Setting
Surah The Spider [Al-Ankaboot] in Dutch
الٓمٓ ﴿١﴾
Alif Lâm Mîm.
أَحَسِبَ ٱلنَّاسُ أَن يُتْرَكُوٓا۟ أَن يَقُولُوٓا۟ ءَامَنَّا وَهُمْ لَا يُفْتَنُونَ ﴿٢﴾
Dachten de mensen dat zij met rust gelaten worden, als zij zeggen: \"Wij geloven,\" en dat zij niet op de proef gesteld worden?
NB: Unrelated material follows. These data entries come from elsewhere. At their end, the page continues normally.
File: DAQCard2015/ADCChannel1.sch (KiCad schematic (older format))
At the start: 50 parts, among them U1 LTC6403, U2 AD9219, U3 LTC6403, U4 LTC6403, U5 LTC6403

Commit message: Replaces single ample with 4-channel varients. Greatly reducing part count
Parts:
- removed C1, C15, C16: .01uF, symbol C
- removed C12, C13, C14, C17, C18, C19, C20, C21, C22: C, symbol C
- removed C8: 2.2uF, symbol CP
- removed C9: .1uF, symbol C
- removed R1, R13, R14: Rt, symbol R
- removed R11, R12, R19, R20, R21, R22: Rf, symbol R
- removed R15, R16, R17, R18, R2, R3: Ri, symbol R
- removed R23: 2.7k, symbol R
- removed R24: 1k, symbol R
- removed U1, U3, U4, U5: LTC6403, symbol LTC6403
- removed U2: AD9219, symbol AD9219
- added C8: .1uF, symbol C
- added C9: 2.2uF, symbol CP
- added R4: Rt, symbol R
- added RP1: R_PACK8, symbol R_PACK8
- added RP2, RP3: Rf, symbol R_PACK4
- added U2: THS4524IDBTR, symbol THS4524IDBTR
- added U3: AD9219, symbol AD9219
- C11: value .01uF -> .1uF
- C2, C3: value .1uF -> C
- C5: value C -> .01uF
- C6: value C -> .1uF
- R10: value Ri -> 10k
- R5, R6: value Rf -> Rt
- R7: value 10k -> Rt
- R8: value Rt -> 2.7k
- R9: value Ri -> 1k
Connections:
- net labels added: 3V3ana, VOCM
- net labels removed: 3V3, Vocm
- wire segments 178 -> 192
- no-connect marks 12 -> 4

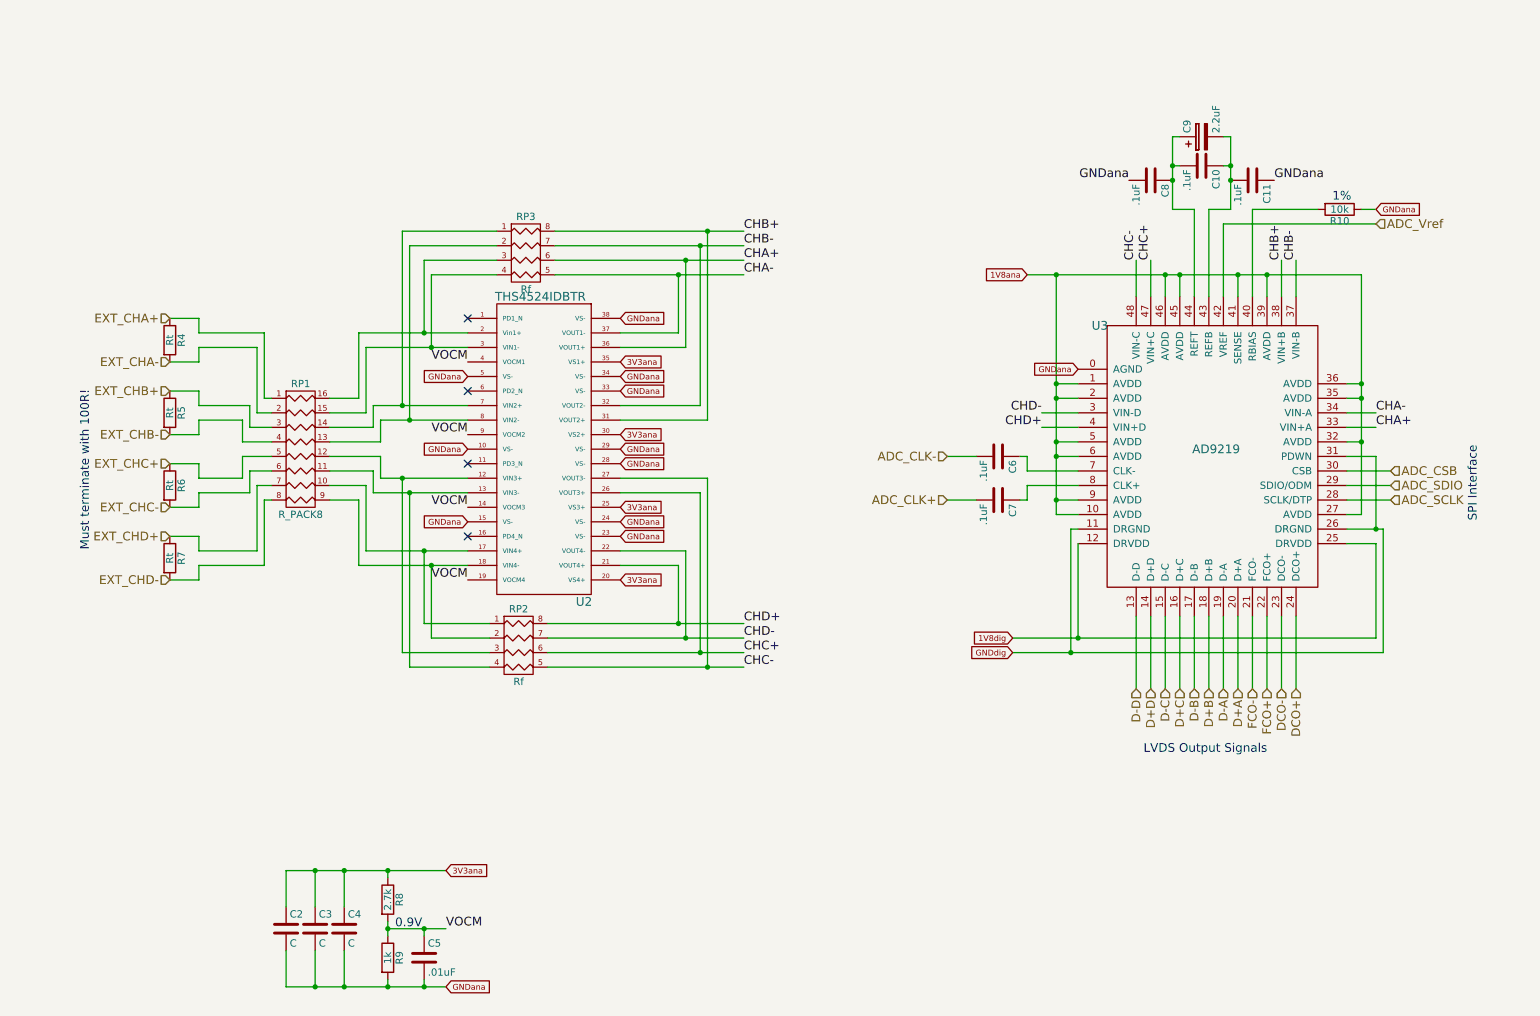
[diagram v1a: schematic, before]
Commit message: Finishes initial version of schematic(mostly). And adds a whole bunch of new footprints!
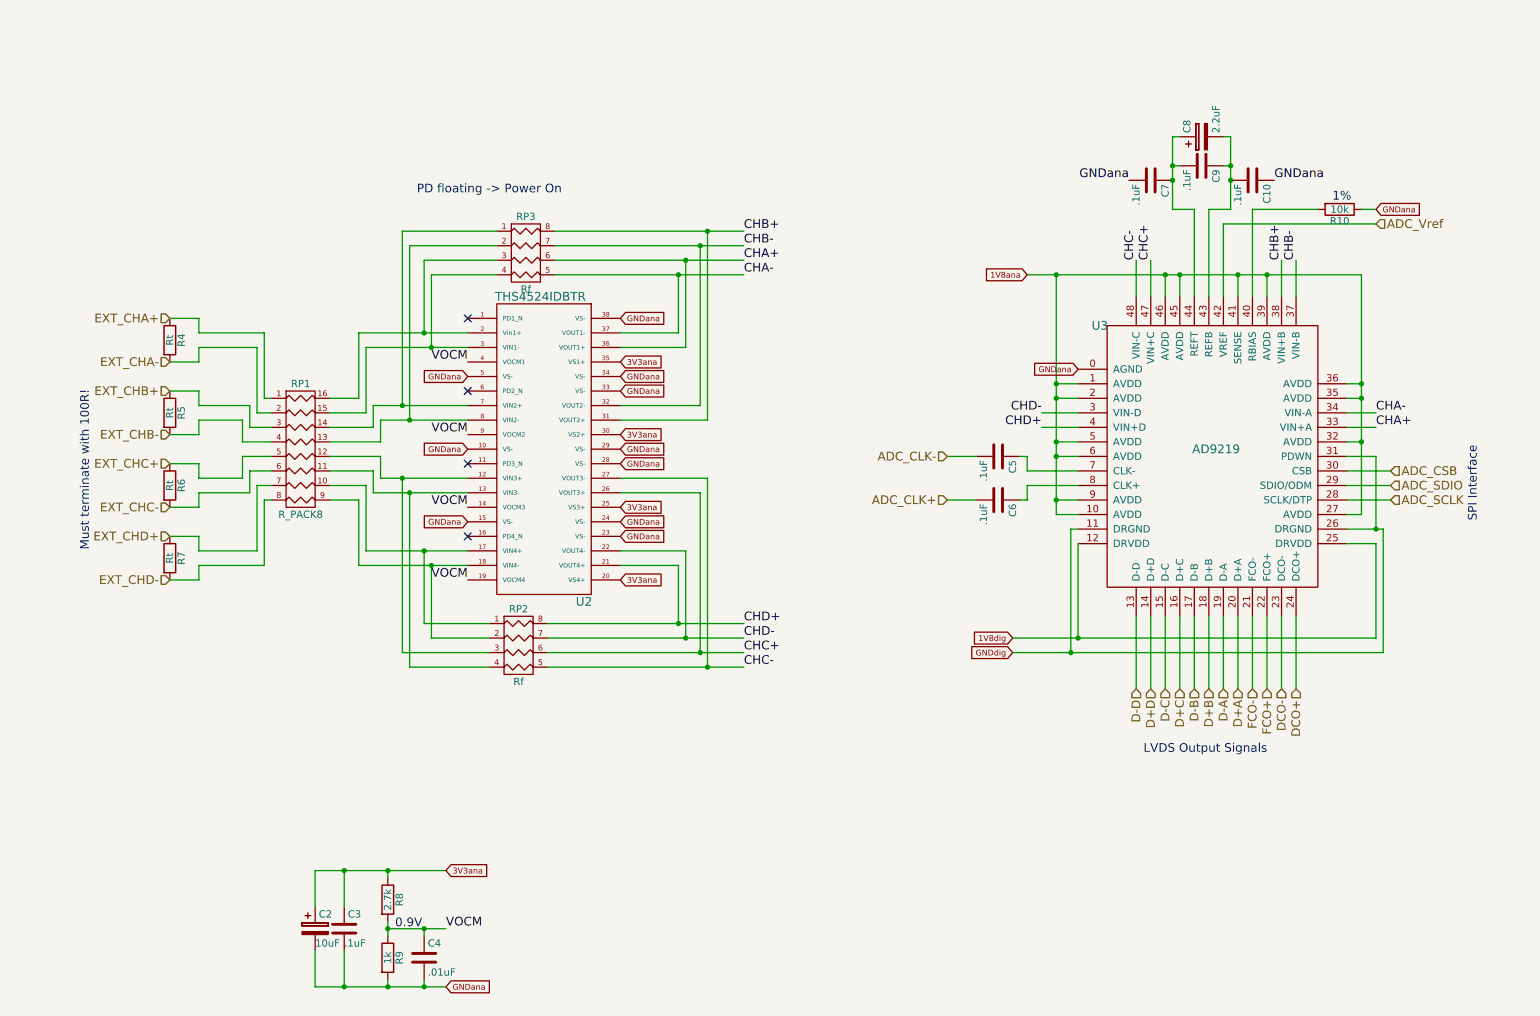
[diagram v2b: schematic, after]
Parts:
- removed C11, C8: .1uF, symbol C
- removed C2: C, symbol C
- removed C9: 2.2uF, symbol CP
- added C2: 10uF, extras:SMD_Cap_3mmDia, symbol CP
- added C8: 2.2uF, extras:SMD_Cap_3mmDia, symbol CP
- added C9: .1uF, Capacitors_SMD:C_0603, symbol C
- C10, C6, C7: footprint (none) -> Capacitors_SMD:C_0603
- C3: value C -> .1uF; footprint (none) -> Capacitors_SMD:C_0603
- C4: value C -> .01uF; footprint (none) -> Capacitors_SMD:C_0603
- C5: value .01uF -> .1uF; footprint (none) -> Capacitors_SMD:C_0603
- R10, R4, R5, R6, R7, R8, R9: footprint (none) -> Resistors_SMD:R_0603
- RP1: footprint (none) -> extras:R8_MNR18
- RP2, RP3: footprint (none) -> extras:R4-MNR04
- U2: footprint (none) -> Housings_SSOP:TSSOP-38_4.4x9.7mm_Pitch0.5mm
- U3: footprint (none) -> SMD_Packages:QFN-48-1EP
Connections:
- net 3V3ana: now also C2.1; no longer C4.1
- net ADC_CLK+: now also C6.2; no longer C7.2
- net ADC_CLK-: now also C5.2; no longer C6.2
- net GNDana: now also C10.1, C7.2, C2.2; no longer C5.2
- net VOCM: now also C4.1; no longer C5.1
- net at U3.8 (CLK+): now also C6.1; no longer C7.1
- net at U3.43 (REFB): now also C10.2, C8.2, C9.1; no longer C10.1
- net at U3.44 (REFT): now also C7.1, C8.1, C9.2; no longer C10.2
- net at U3.7 (CLK-): now also C5.1; no longer C6.1
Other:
- note added: "PD floating -> Power On"
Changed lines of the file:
@@
 $Comp
 L AD9219 U3
-U 1 1 55CFF5AD
+U 1 1 55CB5758
 P 9050 3700
 F 0 "U3" H 8250 4650 60  0000 C CNN
 F 1 "AD9219" H 9050 3800 60  0000 C CNN
-F 2 "" H 8650 3700 60  0000 C CNN
+F 2 "SMD_Packages:QFN-48-1EP" H 8650 3700 60  0001 C CNN
 F 3 "" H 8650 3700 60  0000 C CNN
 	1    9050 3700
@@
 $Comp
 L R R8
-U 1 1 55CFF5F5
+U 1 1 55CB5786
 P 3350 6700
 F 0 "R8" V 3430 6700 50  0000 C CNN
 F 1 "2.7k" V 3350 6700 50  0000 C CNN
-F 2 "" V 3280 6700 30  0000 C CNN
+F 2 "Resistors_SMD:R_0603" V 3280 6700 30  0001 C CNN
 F 3 "" H 3350 6700 30  0000 C CNN
 	1    3350 6700
@@
 $Comp
 L R R9
-U 1 1 55CFF5DE
+U 1 1 55CB577C
 P 3350 7100
 F 0 "R9" V 3430 7100 50  0000 C CNN
 F 1 "1k" V 3350 7100 50  0000 C CNN
-F 2 "" V 3280 7100 30  0000 C CNN
+F 2 "Resistors_SMD:R_0603" V 3280 7100 30  0001 C CNN
 F 3 "" H 3350 7100 30  0000 C CNN
 	1    3350 7100
@@
 Must terminate with 100R!
 $Comp
-L C C2
-U 1 1 55CFF5C9
-P 2650 6900
-F 0 "C2" H 2675 7000 50  0000 L CNN
-F 1 "C" H 2675 6800 50  0000 L CNN
-F 2 "" H 2688 6750 30  0000 C CNN
-F 3 "" H 2650 6900 60  0000 C CNN
-	1    2650 6900
-	1    0    0    -1
-$EndComp
-$Comp
 L C C3
-U 1 1 55CFF5B5
-P 2850 6900
-F 0 "C3" H 2875 7000 50  0000 L CNN
-F 1 "C" H 2875 6800 50  0000 L CNN
-F 2 "" H 2888 6750 30  0000 C CNN
-F 3 "" H 2850 6900 60  0000 C CNN
-	1    2850 6900
-	1    0    0    -1
-$EndComp
-$Comp
-L C C4
-U 1 1 55CFF5BB
+U 1 1 55CB575C
 P 3050 6900
-F 0 "C4" H 3075 7000 50  0000 L CNN
-F 1 "C" H 3075 6800 50  0000 L CNN
-F 2 "" H 3088 6750 30  0000 C CNN
+F 0 "C3" H 3075 7000 50  0000 L CNN
+F 1 ".1uF" H 3050 6800 50  0000 L CNN
+F 2 "Capacitors_SMD:C_0603" H 3088 6750 30  0001 C CNN
 F 3 "" H 3050 6900 60  0000 C CNN
 	1    3050 6900
@@
 ADC_SCLK
 $Comp
-L C C6
-U 1 1 55CFF5C6
+L C C5
+U 1 1 55CB5765
 P 7550 3650
-F 0 "C6" H 7575 3750 50  0000 L CNN
+F 0 "C5" H 7575 3750 50  0000 L CNN
 F 1 ".1uF" H 7575 3550 50  0000 L CNN
-F 2 "" H 7588 3500 30  0000 C CNN
+F 2 "Capacitors_SMD:C_0603" H 7588 3500 30  0001 C CNN
 F 3 "" H 7550 3650 60  0000 C CNN
 	1    7550 3650
@@
 $EndComp
 $Comp
-L C C7
-U 1 1 55CE4061
+L C C6
+U 1 1 55CB5746
 P 7550 3950
-F 0 "C7" H 7575 4050 50  0000 L CNN
+F 0 "C6" H 7575 4050 50  0000 L CNN
 F 1 ".1uF" H 7575 3850 50  0000 L CNN
-F 2 "" H 7588 3800 30  0000 C CNN
+F 2 "Capacitors_SMD:C_0603" H 7588 3800 30  0001 C CNN
 F 3 "" H 7550 3950 60  0000 C CNN
 	1    7550 3950
@@
 DCO+
 $Comp
-L C C11
-U 1 1 55CFF5FE
+L C C10
+U 1 1 55CB578F
 P 9300 1750
-F 0 "C11" H 9325 1850 50  0000 L CNN
+F 0 "C10" H 9325 1850 50  0000 L CNN
 F 1 ".1uF" H 9325 1650 50  0000 L CNN
-F 2 "" H 9338 1600 30  0000 C CNN
+F 2 "Capacitors_SMD:C_0603" H 9338 1600 30  0001 C CNN
 F 3 "" H 9300 1750 60  0000 C CNN
 	1    9300 1750
@@
 $EndComp
 $Comp
-L C C8
-U 1 1 55CFF5CE
+L C C7
+U 1 1 55CB5768
 P 8600 1750
-F 0 "C8" H 8625 1850 50  0000 L CNN
+F 0 "C7" H 8625 1850 50  0000 L CNN
 F 1 ".1uF" H 8625 1650 50  0000 L CNN
-F 2 "" H 8638 1600 30  0000 C CNN
+F 2 "Capacitors_SMD:C_0603" H 8638 1600 30  0001 C CNN
 F 3 "" H 8600 1750 60  0000 C CNN
 	1    8600 1750
@@
 $EndComp
 $Comp
-L C C10
-U 1 1 55CFF5D5
+L C C9
+U 1 1 55CB576F
 P 8950 1650
-F 0 "C10" H 8975 1750 50  0000 L CNN
+F 0 "C9" H 8975 1750 50  0000 L CNN
 F 1 ".1uF" H 8975 1550 50  0000 L CNN
-F 2 "" H 8988 1500 30  0000 C CNN
+F 2 "Capacitors_SMD:C_0603" H 8988 1500 30  0001 C CNN
 F 3 "" H 8950 1650 60  0000 C CNN
 	1    8950 1650
@@
 GNDana
 $Comp
-L CP C9
-U 1 1 55CFF600
+L CP C8
+U 1 1 55CB5792
 P 8950 1450
-F 0 "C9" H 8975 1550 50  0000 L CNN
+F 0 "C8" H 8975 1550 50  0000 L CNN
 F 1 "2.2uF" H 8975 1350 50  0000 L CNN
-F 2 "" H 8988 1300 30  0000 C CNN
+F 2 "extras:SMD_Cap_3mmDia" H 8988 1300 30  0001 C CNN
 F 3 "" H 8950 1450 60  0000 C CNN
 	1    8950 1450
@@
 $Comp
 L R R10
-U 1 1 55CFF5ED
+U 1 1 55CB5780
 P 9900 1950
 F 0 "R10" V 9980 1950 50  0000 C CNN
 F 1 "10k" V 9900 1950 50  0000 C CNN
-F 2 "" V 9830 1950 30  0000 C CNN
+F 2 "Resistors_SMD:R_0603" V 9830 1950 30  0001 C CNN
 F 3 "" H 9900 1950 30  0000 C CNN
 	1    9900 1950
@@
 $Comp
 L THS4524IDBTR U2
-U 1 1 55CFF606
+U 1 1 55CB579D
 P 4400 3700
 F 0 "U2" H 4700 2750 60  0000 C CNN
 F 1 "THS4524IDBTR" H 4400 4850 60  0000 C CNN
-F 2 "" H 4600 3800 60  0000 C CNN
+F 2 "Housings_SSOP:TSSOP-38_4.4x9.7mm_Pitch0.5mm" H 4600 3800 60  0001 C CNN
 F 3 "" H 4600 3800 60  0000 C CNN
 	1    4400 3700
@@
 $EndComp
 $Comp
-L C C5
-U 1 1 55CFF610
+L C C4
+U 1 1 55CB57A4
 P 3600 7100
-F 0 "C5" H 3625 7200 50  0000 L CNN
+F 0 "C4" H 3625 7200 50  0000 L CNN
 F 1 ".01uF" H 3625 7000 50  0000 L CNN
-F 2 "" H 3638 6950 30  0000 C CNN
+F 2 "Capacitors_SMD:C_0603" H 3638 6950 30  0001 C CNN
 F 3 "" H 3600 7100 60  0000 C CNN
 	1    3600 7100
@@
 Connection ~ 3600 6900
 Wire Wire Line
-	2650 6500 3750 6500
-Wire Wire Line
 	3050 6500 3050 6750
 Connection ~ 3350 6500
@@
 Connection ~ 3050 6500
 Wire Wire Line
-	2650 6500 2650 6750
-Connection ~ 2850 6500
-Wire Wire Line
-	2650 7300 3750 7300
-Wire Wire Line
 	3050 7300 3050 7050
 Wire Wire Line
 	2850 7300 2850 7050
 Connection ~ 3050 7300
-Wire Wire Line
-	2650 7300 2650 7050
-Connection ~ 2850 7300
 Wire Wire Line
 	3600 7300 3600 7250
@@
 $Comp
 L R R7
-U 1 1 55CFF61A
+U 1 1 55CB57A8
 P 1850 4350
 F 0 "R7" V 1930 4350 50  0000 C CNN
 F 1 "Rt" V 1850 4350 50  0000 C CNN
-F 2 "" V 1780 4350 30  0000 C CNN
+F 2 "Resistors_SMD:R_0603" V 1780 4350 30  0001 C CNN
 F 3 "" H 1850 4350 30  0000 C CNN
 	1    1850 4350
@@
 $Comp
 L R R6
-U 1 1 55CFF61B
+U 1 1 55CB57B1
 P 1850 3850
 F 0 "R6" V 1930 3850 50  0000 C CNN
 F 1 "Rt" V 1850 3850 50  0000 C CNN
-F 2 "" V 1780 3850 30  0000 C CNN
+F 2 "Resistors_SMD:R_0603" V 1780 3850 30  0001 C CNN
 F 3 "" H 1850 3850 30  0000 C CNN
 	1    1850 3850
@@
 $Comp
 L R R5
-U 1 1 55CFF628
+U 1 1 55CB57B5
 P 1850 3350
 F 0 "R5" V 1930 3350 50  0000 C CNN
 F 1 "Rt" V 1850 3350 50  0000 C CNN
-F 2 "" V 1780 3350 30  0000 C CNN
+F 2 "Resistors_SMD:R_0603" V 1780 3350 30  0001 C CNN
 F 3 "" H 1850 3350 30  0000 C CNN
 	1    1850 3350
@@
 $Comp
 L R R4
-U 1 1 55CFF62E
+U 1 1 55CB57BD
 P 1850 2850
 F 0 "R4" V 1930 2850 50  0000 C CNN
 F 1 "Rt" V 1850 2850 50  0000 C CNN
-F 2 "" V 1780 2850 30  0000 C CNN
+F 2 "Resistors_SMD:R_0603" V 1780 2850 30  0001 C CNN
 F 3 "" H 1850 2850 30  0000 C CNN
 	1    1850 2850
@@
 $Comp
 L R_PACK4 RP2
-U 1 1 55CFF632
+U 1 1 55CB57C4
 P 4250 5150
 F 0 "RP2" H 4250 5600 50  0000 C CNN
 F 1 "Rf" H 4250 5100 50  0000 C CNN
-F 2 "" H 4250 5150 60  0000 C CNN
+F 2 "extras:R4-MNR04" H 4250 5150 60  0001 C CNN
 F 3 "" H 4250 5150 60  0000 C CNN
 	1    4250 5150
@@
 $Comp
 L R_PACK4 RP3
-U 1 1 55CF51DE
+U 1 1 55CB574C
 P 4300 2450
 F 0 "RP3" H 4300 2900 50  0000 C CNN
 F 1 "Rf" H 4300 2400 50  0000 C CNN
-F 2 "" H 4300 2450 60  0000 C CNN
+F 2 "extras:R4-MNR04" H 4300 2450 60  0001 C CNN
 F 3 "" H 4300 2450 60  0000 C CNN
 	1    4300 2450
@@
 $Comp
 L R_PACK8 RP1
-U 1 1 55CFF641
+U 1 1 55CB57CA
 P 2750 3600
 F 0 "RP1" H 2750 4050 50  0000 C CNN
 F 1 "R_PACK8" H 2750 3150 50  0000 C CNN
-F 2 "" H 2750 3600 60  0000 C CNN
+F 2 "extras:R8_MNR18" H 2750 3600 60  0001 C CNN
 F 3 "" H 2750 3600 60  0000 C CNN
 	1    2750 3600
@@
 Text GLabel 10150 1950 2    40   Input ~ 0
 GNDana
+Wire Wire Line
+	3750 6500 2850 6500
+Wire Wire Line
+	2850 7300 3750 7300
+$Comp
+L CP C2
+U 1 1 55CB2D9D
+P 2850 6900
+F 0 "C2" H 2875 7000 50  0000 L CNN
+F 1 "10uF" H 2850 6800 50  0000 L CNN
+F 2 "extras:SMD_Cap_3mmDia" H 2888 6750 30  0001 C CNN
+F 3 "" H 2850 6900 60  0000 C CNN
+	1    2850 6900
+	1    0    0    -1
+$EndComp
+Text Notes 3550 1850 0    60   ~ 0
+PD floating -> Power On
 $EndSCHEMATC

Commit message: Adds a more-or-less complete BOM to DAQ Card
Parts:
- C4: value .01uF -> 10000pF
- RP1: value R_PACK8 -> Ri
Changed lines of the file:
@@
 P 3600 7100
 F 0 "C4" H 3625 7200 50  0000 L CNN
-F 1 ".01uF" H 3625 7000 50  0000 L CNN
+F 1 "10000pF" H 3625 7000 50  0000 L CNN
 F 2 "Capacitors_SMD:C_0603" H 3638 6950 30  0001 C CNN
 F 3 "" H 3600 7100 60  0000 C CNN
@@
 P 2750 3600
 F 0 "RP1" H 2750 4050 50  0000 C CNN
-F 1 "R_PACK8" H 2750 3150 50  0000 C CNN
+F 1 "Ri" H 2750 3150 50  0000 C CNN
 F 2 "extras:R8_MNR18" H 2750 3600 60  0001 C CNN
 F 3 "" H 2750 3600 60  0000 C CNN

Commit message: Updates to DAQCard2015, especially to power systems
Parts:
- removed C2: 10uF, extras:SMD_Cap_3mmDia, symbol CP
- removed C3: .1uF, Capacitors_SMD:C_0603, symbol C
- removed C4: 10000pF, Capacitors_SMD:C_0603, symbol C
- removed C8: 2.2uF, extras:SMD_Cap_3mmDia, symbol CP
- removed R8: 2.7k, Resistors_SMD:R_0603, symbol R
- removed R9: 1k, Resistors_SMD:R_0603, symbol R
- added C8: 2.2uF, symbol C
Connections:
- net GNDdig is gone; now on net GND: U3.11 (DRGND), U3.26 (DRGND), U3.31 (PDWN)
- net at RP1.14 (R3), U2.7 (VIN2+): now also RP3.3 (P3); no longer RP3.1 (P1)
- net at RP1.13 (R4), U2.8 (VIN2-): now also RP3.4 (P4); no longer RP3.2 (P2)
- net at RP1.16 (R1), U2.2 (Vin1+): now also RP3.1 (P1); no longer RP3.3 (P3)
- net at RP1.15 (R2), U2.3 (VIN1-): now also RP3.2 (P2); no longer RP3.4 (P4)
- net at C10.2, C9.1, U3.43 (REFB): now also C8.2
- net at C7.1, C9.2, U3.44 (REFT): now also C8.1
- net at RP1.12 (R5), U2.12 (VIN3+): now also RP2.1 (P1); no longer RP2.3 (P3)
- net at RP1.11 (R6), U2.13 (VIN3-): now also RP2.2 (P2); no longer RP2.4 (P4)
- net at RP1.10 (R7), U2.17 (VIN4+): now also RP2.3 (P3); no longer RP2.1 (P1)
- net at RP1.9 (R8), U2.18 (VIN4-): now also RP2.4 (P4); no longer RP2.2 (P2)
- net GNDana renamed GND
- net VOCM renamed Vocm
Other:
- note removed: "0.9V"

وَلَقَدْ فَتَنَّا ٱلَّذِينَ مِن قَبْلِهِمْ ۖ فَلَيَعْلَمَنَّ ٱللَّهُ ٱلَّذِينَ صَدَقُوا۟ وَلَيَعْلَمَنَّ ٱلْكَٰذِبِينَ ﴿٣﴾
En voorzeker, Wij hebben degenen vóór hen op de proef gesteld. Allah kent zeker degenen die de oprecht spreken en Hij kent zeker de leugenaars.
أَمْ حَسِبَ ٱلَّذِينَ يَعْمَلُونَ ٱلسَّيِّـَٔاتِ أَن يَسْبِقُونَا ۚ سَآءَ مَا يَحْكُمُونَ ﴿٤﴾
Of dachten degenen die slechte daden verrichten dat zij aan Ons kunnen ontvluchten? Slecht is het wat zij veronderstellen!
مَن كَانَ يَرْجُوا۟ لِقَآءَ ٱللَّهِ فَإِنَّ أَجَلَ ٱللَّهِ لَءَاتٍۢ ۚ وَهُوَ ٱلسَّمِيعُ ٱلْعَلِيمُ ﴿٥﴾
Wie hoopt op de ontmoeting met Allah: voorwaar, het door Allah vastgestelde tijdstip komt zeker en Hij is de Alhorende, de Alwetende.
وَمَن جَٰهَدَ فَإِنَّمَا يُجَٰهِدُ لِنَفْسِهِۦٓ ۚ إِنَّ ٱللَّهَ لَغَنِىٌّ عَنِ ٱلْعَٰلَمِينَ ﴿٦﴾
En wie (voor Allah) strijdt, strijdt slechts voor zichzelf. Voorwaar, Allah is zeker vrij van de behoeften van de werelden.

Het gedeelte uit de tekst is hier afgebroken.